[Items listed in a dataset]
•••

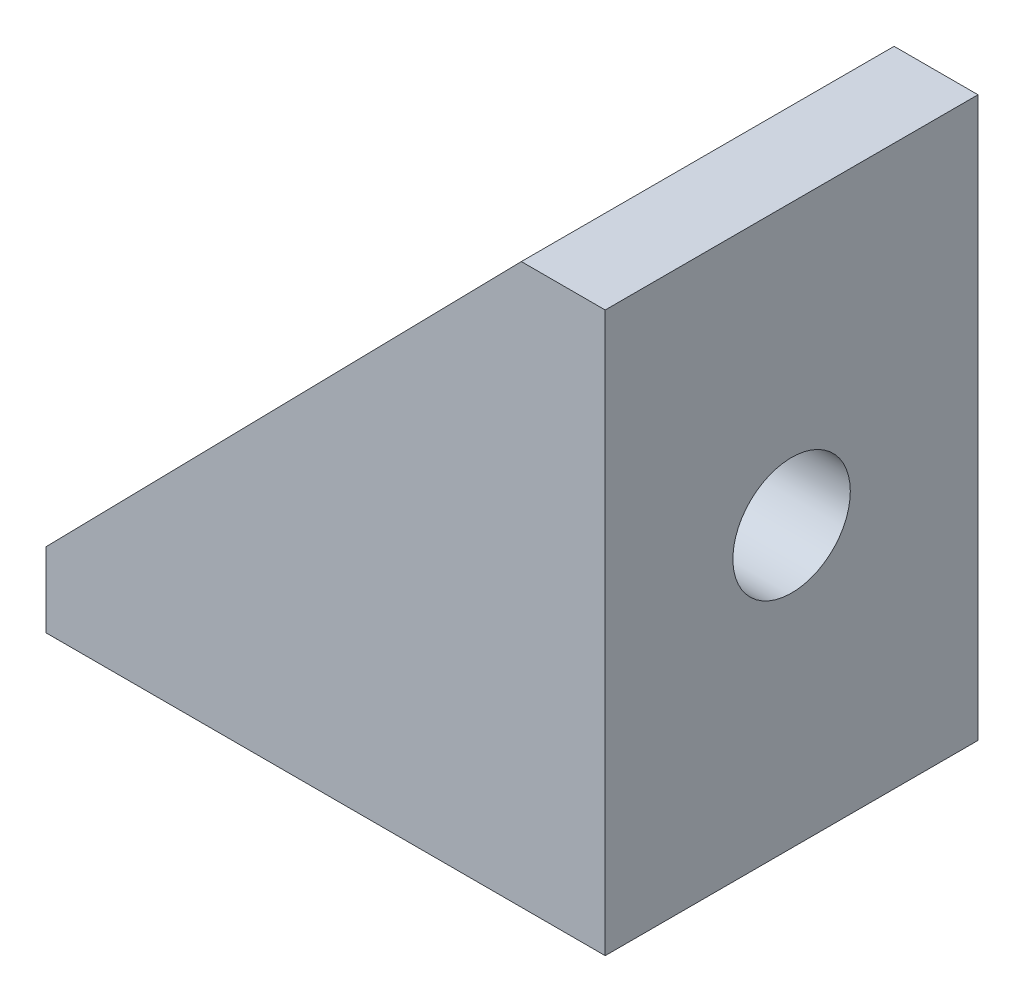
ISO-10303-21;
HEADER;
FILE_DESCRIPTION(('STEP AP214'),'2;1');
FILE_NAME('part.step','',(''),(''),'','','');
FILE_SCHEMA(('AUTOMOTIVE_DESIGN { 1 0 10303 214 1 1 1 1 }'));
ENDSEC;
DATA;
#1=APPLICATION_CONTEXT('core data for automotive mechanical design processes');
#2=APPLICATION_PROTOCOL_DEFINITION('international standard','automotive_design',2000,#1);
#3=PRODUCT_CONTEXT('',#1,'mechanical');
#4=PRODUCT('Part','Part','',(#3));
#5=PRODUCT_RELATED_PRODUCT_CATEGORY('part','',(#4));
#6=PRODUCT_DEFINITION_FORMATION('','',#4);
#7=PRODUCT_DEFINITION_CONTEXT('part definition',#1,'design');
#8=PRODUCT_DEFINITION('design','',#6,#7);
#9=PRODUCT_DEFINITION_SHAPE('','',#8);
#10=(LENGTH_UNIT() NAMED_UNIT(*) SI_UNIT(.MILLI.,.METRE.));
#11=(NAMED_UNIT(*) PLANE_ANGLE_UNIT() SI_UNIT($,.RADIAN.));
#12=(NAMED_UNIT(*) SI_UNIT($,.STERADIAN.) SOLID_ANGLE_UNIT());
#13=UNCERTAINTY_MEASURE_WITH_UNIT(LENGTH_MEASURE(1.E-05),#10,'distance_accuracy_value','');
#14=(GEOMETRIC_REPRESENTATION_CONTEXT(3) GLOBAL_UNCERTAINTY_ASSIGNED_CONTEXT((#13)) GLOBAL_UNIT_ASSIGNED_CONTEXT((#10,
#11,#12)) REPRESENTATION_CONTEXT('',''));
#15=CARTESIAN_POINT('',(0.,0.,0.));
#16=DIRECTION('',(0.,0.,1.));
#17=DIRECTION('',(1.,0.,0.));
#18=AXIS2_PLACEMENT_3D('',#15,#16,#17);
#19=CARTESIAN_POINT('',(25.5,30.,20.));
#20=DIRECTION('',(0.713938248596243,-0.700208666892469,0.));
#21=DIRECTION('',(0.700208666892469,0.713938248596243,0.));
#22=AXIS2_PLACEMENT_3D('',#19,#20,#21);
#23=PLANE('',#22);
#24=DIRECTION('',(0.,0.,-1.));
#25=VECTOR('',#24,1.);
#26=CARTESIAN_POINT('',(25.5,30.,20.));
#27=LINE('',#26,#25);
#28=CARTESIAN_POINT('',(25.5,30.,20.));
#29=VERTEX_POINT('',#28);
#30=CARTESIAN_POINT('',(25.5,30.,17.));
#31=VERTEX_POINT('',#30);
#32=EDGE_CURVE('E115',#29,#31,#27,.T.);
#33=ORIENTED_EDGE('',*,*,#32,.T.);
#34=DIRECTION('',(-0.700208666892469,-0.713938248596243,0.));
#35=VECTOR('',#34,1.);
#36=CARTESIAN_POINT('',(25.5,30.,17.));
#37=LINE('',#36,#35);
#38=CARTESIAN_POINT('',(0.,3.99999999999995,17.));
#39=VERTEX_POINT('',#38);
#40=EDGE_CURVE('E11',#31,#39,#37,.T.);
#41=ORIENTED_EDGE('',*,*,#40,.T.);
#42=DIRECTION('',(0.,0.,-1.));
#43=VECTOR('',#42,1.);
#44=CARTESIAN_POINT('',(0.,4.,20.));
#45=LINE('',#44,#43);
#46=CARTESIAN_POINT('',(0.,4.,20.));
#47=VERTEX_POINT('',#46);
#48=EDGE_CURVE('E134',#47,#39,#45,.T.);
#49=ORIENTED_EDGE('',*,*,#48,.F.);
#50=DIRECTION('',(-0.700208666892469,-0.713938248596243,0.));
#51=VECTOR('',#50,1.);
#52=CARTESIAN_POINT('',(25.5,30.,20.));
#53=LINE('',#52,#51);
#54=EDGE_CURVE('E57',#29,#47,#53,.T.);
#55=ORIENTED_EDGE('',*,*,#54,.F.);
#56=EDGE_LOOP('',(#33,#41,#49,#55));
#57=FACE_BOUND('',#56,.T.);
#58=ADVANCED_FACE('F31',(#57),#23,.F.);
#59=CARTESIAN_POINT('',(0.,4.,20.));
#60=DIRECTION('',(1.,0.,0.));
#61=DIRECTION('',(0.,1.,0.));
#62=AXIS2_PLACEMENT_3D('',#59,#60,#61);
#63=PLANE('',#62);
#64=DIRECTION('',(0.,-1.,0.));
#65=VECTOR('',#64,1.);
#66=CARTESIAN_POINT('',(0.,4.,0.));
#67=LINE('',#66,#65);
#68=CARTESIAN_POINT('',(0.,4.,0.));
#69=VERTEX_POINT('',#68);
#70=CARTESIAN_POINT('',(0.,0.,0.));
#71=VERTEX_POINT('',#70);
#72=EDGE_CURVE('E124',#69,#71,#67,.T.);
#73=ORIENTED_EDGE('',*,*,#72,.T.);
#74=DIRECTION('',(0.,0.,-1.));
#75=VECTOR('',#74,1.);
#76=CARTESIAN_POINT('',(0.,0.,20.));
#77=LINE('',#76,#75);
#78=CARTESIAN_POINT('',(0.,0.,20.));
#79=VERTEX_POINT('',#78);
#80=EDGE_CURVE('E141',#79,#71,#77,.T.);
#81=ORIENTED_EDGE('',*,*,#80,.F.);
#82=DIRECTION('',(0.,-1.,0.));
#83=VECTOR('',#82,1.);
#84=CARTESIAN_POINT('',(0.,4.,20.));
#85=LINE('',#84,#83);
#86=EDGE_CURVE('E133',#47,#79,#85,.T.);
#87=ORIENTED_EDGE('',*,*,#86,.F.);
#88=ORIENTED_EDGE('',*,*,#48,.T.);
#89=CARTESIAN_POINT('',(0.,3.99999999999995,3.));
#90=VERTEX_POINT('',#89);
#91=EDGE_CURVE('E138',#39,#90,#45,.T.);
#92=ORIENTED_EDGE('',*,*,#91,.T.);
#93=EDGE_CURVE('E82',#90,#69,#45,.T.);
#94=ORIENTED_EDGE('',*,*,#93,.T.);
#95=EDGE_LOOP('',(#73,#81,#87,#88,#92,#94));
#96=FACE_BOUND('',#95,.T.);
#97=ADVANCED_FACE('F33',(#96),#63,.F.);
#98=CARTESIAN_POINT('',(0.,0.,20.));
#99=DIRECTION('',(0.,1.,0.));
#100=DIRECTION('',(0.,0.,1.));
#101=AXIS2_PLACEMENT_3D('',#98,#99,#100);
#102=PLANE('',#101);
#103=CARTESIAN_POINT('',(12.,0.,10.));
#104=DIRECTION('',(0.,-1.,0.));
#105=DIRECTION('',(0.,0.,-1.));
#106=AXIS2_PLACEMENT_3D('',#103,#104,#105);
#107=CIRCLE('',#106,3.15);
#108=CARTESIAN_POINT('',(12.,0.,6.85));
#109=VERTEX_POINT('',#108);
#110=EDGE_CURVE('E157',#109,#109,#107,.T.);
#111=ORIENTED_EDGE('',*,*,#110,.F.);
#112=EDGE_LOOP('',(#111));
#113=FACE_BOUND('',#112,.T.);
#114=DIRECTION('',(1.,0.,0.));
#115=VECTOR('',#114,1.);
#116=CARTESIAN_POINT('',(0.,0.,0.));
#117=LINE('',#116,#115);
#118=CARTESIAN_POINT('',(30.,0.,0.));
#119=VERTEX_POINT('',#118);
#120=EDGE_CURVE('E126',#71,#119,#117,.T.);
#121=ORIENTED_EDGE('',*,*,#120,.T.);
#122=DIRECTION('',(0.,0.,-1.));
#123=VECTOR('',#122,1.);
#124=CARTESIAN_POINT('',(30.,0.,20.));
#125=LINE('',#124,#123);
#126=CARTESIAN_POINT('',(30.,0.,20.));
#127=VERTEX_POINT('',#126);
#128=EDGE_CURVE('E114',#127,#119,#125,.T.);
#129=ORIENTED_EDGE('',*,*,#128,.F.);
#130=DIRECTION('',(1.,0.,0.));
#131=VECTOR('',#130,1.);
#132=CARTESIAN_POINT('',(0.,0.,20.));
#133=LINE('',#132,#131);
#134=EDGE_CURVE('E91',#79,#127,#133,.T.);
#135=ORIENTED_EDGE('',*,*,#134,.F.);
#136=ORIENTED_EDGE('',*,*,#80,.T.);
#137=EDGE_LOOP('',(#121,#129,#135,#136));
#138=FACE_BOUND('',#137,.T.);
#139=ADVANCED_FACE('F175',(#113,#138),#102,.F.);
#140=CARTESIAN_POINT('',(30.,0.,20.));
#141=DIRECTION('',(-1.,0.,0.));
#142=DIRECTION('',(0.,0.,1.));
#143=AXIS2_PLACEMENT_3D('',#140,#141,#142);
#144=PLANE('',#143);
#145=CARTESIAN_POINT('',(30.,15.,10.));
#146=DIRECTION('',(1.,0.,0.));
#147=DIRECTION('',(0.,0.,-1.));
#148=AXIS2_PLACEMENT_3D('',#145,#146,#147);
#149=CIRCLE('',#148,3.15);
#150=CARTESIAN_POINT('',(30.,15.,6.85));
#151=VERTEX_POINT('',#150);
#152=EDGE_CURVE('E147',#151,#151,#149,.T.);
#153=ORIENTED_EDGE('',*,*,#152,.F.);
#154=EDGE_LOOP('',(#153));
#155=FACE_BOUND('',#154,.T.);
#156=DIRECTION('',(0.,1.,0.));
#157=VECTOR('',#156,1.);
#158=CARTESIAN_POINT('',(30.,0.,0.));
#159=LINE('',#158,#157);
#160=CARTESIAN_POINT('',(30.,30.,0.));
#161=VERTEX_POINT('',#160);
#162=EDGE_CURVE('E110',#119,#161,#159,.T.);
#163=ORIENTED_EDGE('',*,*,#162,.T.);
#164=DIRECTION('',(0.,0.,-1.));
#165=VECTOR('',#164,1.);
#166=CARTESIAN_POINT('',(30.,30.,20.));
#167=LINE('',#166,#165);
#168=CARTESIAN_POINT('',(30.,30.,20.));
#169=VERTEX_POINT('',#168);
#170=EDGE_CURVE('E107',#169,#161,#167,.T.);
#171=ORIENTED_EDGE('',*,*,#170,.F.);
#172=DIRECTION('',(0.,1.,0.));
#173=VECTOR('',#172,1.);
#174=CARTESIAN_POINT('',(30.,0.,20.));
#175=LINE('',#174,#173);
#176=EDGE_CURVE('E97',#127,#169,#175,.T.);
#177=ORIENTED_EDGE('',*,*,#176,.F.);
#178=ORIENTED_EDGE('',*,*,#128,.T.);
#179=EDGE_LOOP('',(#163,#171,#177,#178));
#180=FACE_BOUND('',#179,.T.);
#181=ADVANCED_FACE('F108',(#155,#180),#144,.F.);
#182=CARTESIAN_POINT('',(30.,30.,20.));
#183=DIRECTION('',(0.,-1.,0.));
#184=DIRECTION('',(1.,0.,0.));
#185=AXIS2_PLACEMENT_3D('',#182,#183,#184);
#186=PLANE('',#185);
#187=DIRECTION('',(-1.,0.,0.));
#188=VECTOR('',#187,1.);
#189=CARTESIAN_POINT('',(30.,30.,0.));
#190=LINE('',#189,#188);
#191=CARTESIAN_POINT('',(25.5,30.,0.));
#192=VERTEX_POINT('',#191);
#193=EDGE_CURVE('E129',#161,#192,#190,.T.);
#194=ORIENTED_EDGE('',*,*,#193,.T.);
#195=CARTESIAN_POINT('',(25.5,30.,3.));
#196=VERTEX_POINT('',#195);
#197=EDGE_CURVE('E137',#196,#192,#27,.T.);
#198=ORIENTED_EDGE('',*,*,#197,.F.);
#199=DIRECTION('',(0.,0.,-1.));
#200=VECTOR('',#199,1.);
#201=CARTESIAN_POINT('',(25.5,30.,3.));
#202=LINE('',#201,#200);
#203=EDGE_CURVE('E146',#31,#196,#202,.T.);
#204=ORIENTED_EDGE('',*,*,#203,.F.);
#205=ORIENTED_EDGE('',*,*,#32,.F.);
#206=DIRECTION('',(-1.,0.,0.));
#207=VECTOR('',#206,1.);
#208=CARTESIAN_POINT('',(30.,30.,20.));
#209=LINE('',#208,#207);
#210=EDGE_CURVE('E101',#169,#29,#209,.T.);
#211=ORIENTED_EDGE('',*,*,#210,.F.);
#212=ORIENTED_EDGE('',*,*,#170,.T.);
#213=EDGE_LOOP('',(#194,#198,#204,#205,#211,#212));
#214=FACE_BOUND('',#213,.T.);
#215=ADVANCED_FACE('F117',(#214),#186,.F.);
#216=ORIENTED_EDGE('',*,*,#93,.F.);
#217=DIRECTION('',(0.700208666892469,0.713938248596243,0.));
#218=VECTOR('',#217,1.);
#219=CARTESIAN_POINT('',(25.5,30.,3.));
#220=LINE('',#219,#218);
#221=EDGE_CURVE('E40',#90,#196,#220,.T.);
#222=ORIENTED_EDGE('',*,*,#221,.T.);
#223=ORIENTED_EDGE('',*,*,#197,.T.);
#224=DIRECTION('',(-0.700208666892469,-0.713938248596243,0.));
#225=VECTOR('',#224,1.);
#226=CARTESIAN_POINT('',(25.5,30.,0.));
#227=LINE('',#226,#225);
#228=EDGE_CURVE('E131',#192,#69,#227,.T.);
#229=ORIENTED_EDGE('',*,*,#228,.T.);
#230=EDGE_LOOP('',(#216,#222,#223,#229));
#231=FACE_BOUND('',#230,.T.);
#232=ADVANCED_FACE('F184',(#231),#23,.F.);
#233=CARTESIAN_POINT('',(0.,0.,20.));
#234=DIRECTION('',(0.,0.,1.));
#235=DIRECTION('',(1.,0.,0.));
#236=AXIS2_PLACEMENT_3D('',#233,#234,#235);
#237=PLANE('',#236);
#238=ORIENTED_EDGE('',*,*,#86,.T.);
#239=ORIENTED_EDGE('',*,*,#134,.T.);
#240=ORIENTED_EDGE('',*,*,#176,.T.);
#241=ORIENTED_EDGE('',*,*,#210,.T.);
#242=ORIENTED_EDGE('',*,*,#54,.T.);
#243=EDGE_LOOP('',(#238,#239,#240,#241,#242));
#244=FACE_BOUND('',#243,.T.);
#245=ADVANCED_FACE('F99',(#244),#237,.T.);
#246=CARTESIAN_POINT('',(0.,0.,0.));
#247=DIRECTION('',(0.,0.,1.));
#248=DIRECTION('',(1.,0.,0.));
#249=AXIS2_PLACEMENT_3D('',#246,#247,#248);
#250=PLANE('',#249);
#251=ORIENTED_EDGE('',*,*,#72,.F.);
#252=ORIENTED_EDGE('',*,*,#228,.F.);
#253=ORIENTED_EDGE('',*,*,#193,.F.);
#254=ORIENTED_EDGE('',*,*,#162,.F.);
#255=ORIENTED_EDGE('',*,*,#120,.F.);
#256=EDGE_LOOP('',(#251,#252,#253,#254,#255));
#257=FACE_BOUND('',#256,.T.);
#258=ADVANCED_FACE('F177',(#257),#250,.F.);
#259=CARTESIAN_POINT('',(-6.35869834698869,3.99999999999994,17.));
#260=DIRECTION('',(0.,0.,1.));
#261=DIRECTION('',(1.,0.,0.));
#262=AXIS2_PLACEMENT_3D('',#259,#260,#261);
#263=PLANE('',#262);
#264=DIRECTION('',(0.,1.,0.));
#265=VECTOR('',#264,1.);
#266=CARTESIAN_POINT('',(25.5,3.99999999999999,17.));
#267=LINE('',#266,#265);
#268=CARTESIAN_POINT('',(25.5,3.99999999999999,17.));
#269=VERTEX_POINT('',#268);
#270=EDGE_CURVE('E48',#269,#31,#267,.T.);
#271=ORIENTED_EDGE('',*,*,#270,.F.);
#272=DIRECTION('',(1.,0.,0.));
#273=VECTOR('',#272,1.);
#274=CARTESIAN_POINT('',(-6.35869834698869,3.99999999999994,17.));
#275=LINE('',#274,#273);
#276=EDGE_CURVE('E165',#39,#269,#275,.T.);
#277=ORIENTED_EDGE('',*,*,#276,.F.);
#278=ORIENTED_EDGE('',*,*,#40,.F.);
#279=EDGE_LOOP('',(#271,#277,#278));
#280=FACE_BOUND('',#279,.T.);
#281=ADVANCED_FACE('F243',(#280),#263,.F.);
#282=CARTESIAN_POINT('',(-6.35869834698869,3.99999999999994,3.));
#283=DIRECTION('',(0.,0.,-1.));
#284=DIRECTION('',(-1.,0.,0.));
#285=AXIS2_PLACEMENT_3D('',#282,#283,#284);
#286=PLANE('',#285);
#287=DIRECTION('',(-1.,0.,0.));
#288=VECTOR('',#287,1.);
#289=CARTESIAN_POINT('',(-6.35869834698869,3.99999999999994,3.));
#290=LINE('',#289,#288);
#291=CARTESIAN_POINT('',(25.5,3.99999999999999,3.));
#292=VERTEX_POINT('',#291);
#293=EDGE_CURVE('E162',#292,#90,#290,.T.);
#294=ORIENTED_EDGE('',*,*,#293,.F.);
#295=DIRECTION('',(0.,1.,0.));
#296=VECTOR('',#295,1.);
#297=CARTESIAN_POINT('',(25.5,3.99999999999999,3.));
#298=LINE('',#297,#296);
#299=EDGE_CURVE('E167',#292,#196,#298,.T.);
#300=ORIENTED_EDGE('',*,*,#299,.T.);
#301=ORIENTED_EDGE('',*,*,#221,.F.);
#302=EDGE_LOOP('',(#294,#300,#301));
#303=FACE_BOUND('',#302,.T.);
#304=ADVANCED_FACE('F188',(#303),#286,.F.);
#305=CARTESIAN_POINT('',(25.5,3.99999999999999,17.));
#306=DIRECTION('',(0.,1.,0.));
#307=DIRECTION('',(-1.,0.,0.));
#308=AXIS2_PLACEMENT_3D('',#305,#306,#307);
#309=PLANE('',#308);
#310=CARTESIAN_POINT('',(12.,3.99999999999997,10.));
#311=DIRECTION('',(0.,1.,0.));
#312=DIRECTION('',(-1.,0.,0.));
#313=AXIS2_PLACEMENT_3D('',#310,#311,#312);
#314=CIRCLE('',#313,3.15);
#315=CARTESIAN_POINT('',(12.,3.99999999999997,6.85));
#316=VERTEX_POINT('',#315);
#317=EDGE_CURVE('E35',#316,#316,#314,.T.);
#318=ORIENTED_EDGE('',*,*,#317,.F.);
#319=EDGE_LOOP('',(#318));
#320=FACE_BOUND('',#319,.T.);
#321=ORIENTED_EDGE('',*,*,#91,.F.);
#322=ORIENTED_EDGE('',*,*,#276,.T.);
#323=DIRECTION('',(0.,0.,-1.));
#324=VECTOR('',#323,1.);
#325=CARTESIAN_POINT('',(25.5,3.99999999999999,3.));
#326=LINE('',#325,#324);
#327=EDGE_CURVE('E150',#269,#292,#326,.T.);
#328=ORIENTED_EDGE('',*,*,#327,.T.);
#329=ORIENTED_EDGE('',*,*,#293,.T.);
#330=EDGE_LOOP('',(#321,#322,#328,#329));
#331=FACE_BOUND('',#330,.T.);
#332=ADVANCED_FACE('F193',(#320,#331),#309,.T.);
#333=CARTESIAN_POINT('',(25.5,3.99999999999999,3.));
#334=DIRECTION('',(1.,0.,0.));
#335=DIRECTION('',(0.,1.,0.));
#336=AXIS2_PLACEMENT_3D('',#333,#334,#335);
#337=PLANE('',#336);
#338=CARTESIAN_POINT('',(25.5,15.,10.));
#339=DIRECTION('',(1.,0.,0.));
#340=DIRECTION('',(0.,1.,0.));
#341=AXIS2_PLACEMENT_3D('',#338,#339,#340);
#342=CIRCLE('',#341,3.15);
#343=CARTESIAN_POINT('',(25.5,15.,6.85));
#344=VERTEX_POINT('',#343);
#345=EDGE_CURVE('E144',#344,#344,#342,.T.);
#346=ORIENTED_EDGE('',*,*,#345,.T.);
#347=EDGE_LOOP('',(#346));
#348=FACE_BOUND('',#347,.T.);
#349=ORIENTED_EDGE('',*,*,#203,.T.);
#350=ORIENTED_EDGE('',*,*,#299,.F.);
#351=ORIENTED_EDGE('',*,*,#327,.F.);
#352=ORIENTED_EDGE('',*,*,#270,.T.);
#353=EDGE_LOOP('',(#349,#350,#351,#352));
#354=FACE_BOUND('',#353,.T.);
#355=ADVANCED_FACE('F197',(#348,#354),#337,.F.);
#356=CARTESIAN_POINT('',(4.,15.,10.));
#357=DIRECTION('',(1.,0.,0.));
#358=DIRECTION('',(0.,0.,-1.));
#359=AXIS2_PLACEMENT_3D('',#356,#357,#358);
#360=CYLINDRICAL_SURFACE('',#359,3.15);
#361=CARTESIAN_POINT('',(30.,15.,6.85));
#362=CARTESIAN_POINT('',(29.953125,15.,6.85));
#363=CARTESIAN_POINT('',(29.90625,15.,6.85));
#364=CARTESIAN_POINT('',(29.8125,15.,6.85));
#365=CARTESIAN_POINT('',(29.765625,15.,6.85));
#366=CARTESIAN_POINT('',(29.671875,15.,6.85));
#367=CARTESIAN_POINT('',(29.625,15.,6.85));
#368=CARTESIAN_POINT('',(29.53125,15.,6.85));
#369=CARTESIAN_POINT('',(29.484375,15.,6.85));
#370=CARTESIAN_POINT('',(29.390625,15.,6.85));
#371=CARTESIAN_POINT('',(29.34375,15.,6.85));
#372=CARTESIAN_POINT('',(29.25,15.,6.85));
#373=CARTESIAN_POINT('',(29.203125,15.,6.85));
#374=CARTESIAN_POINT('',(29.109375,15.,6.85));
#375=CARTESIAN_POINT('',(29.0625,15.,6.85));
#376=CARTESIAN_POINT('',(28.96875,15.,6.85));
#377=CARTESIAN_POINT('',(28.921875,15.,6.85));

•••

WHAT IS REQUIRED
Copy, exactly and only, the lines above that begin with the one containing "#123=VECTOR('',#122,1.);" and finish with the one containing "#143=AXIS2_PLACEMENT_3D('',#140,#141,#142);".

SOLUTION FOR THIS PROBLEM
#123=VECTOR('',#122,1.);
#124=CARTESIAN_POINT('',(30.,0.,20.));
#125=LINE('',#124,#123);
#126=CARTESIAN_POINT('',(30.,0.,20.));
#127=VERTEX_POINT('',#126);
#128=EDGE_CURVE('E114',#127,#119,#125,.T.);
#129=ORIENTED_EDGE('',*,*,#128,.F.);
#130=DIRECTION('',(1.,0.,0.));
#131=VECTOR('',#130,1.);
#132=CARTESIAN_POINT('',(0.,0.,20.));
#133=LINE('',#132,#131);
#134=EDGE_CURVE('E91',#79,#127,#133,.T.);
#135=ORIENTED_EDGE('',*,*,#134,.F.);
#136=ORIENTED_EDGE('',*,*,#80,.T.);
#137=EDGE_LOOP('',(#121,#129,#135,#136));
#138=FACE_BOUND('',#137,.T.);
#139=ADVANCED_FACE('F175',(#113,#138),#102,.F.);
#140=CARTESIAN_POINT('',(30.,0.,20.));
#141=DIRECTION('',(-1.,0.,0.));
#142=DIRECTION('',(0.,0.,1.));
#143=AXIS2_PLACEMENT_3D('',#140,#141,#142);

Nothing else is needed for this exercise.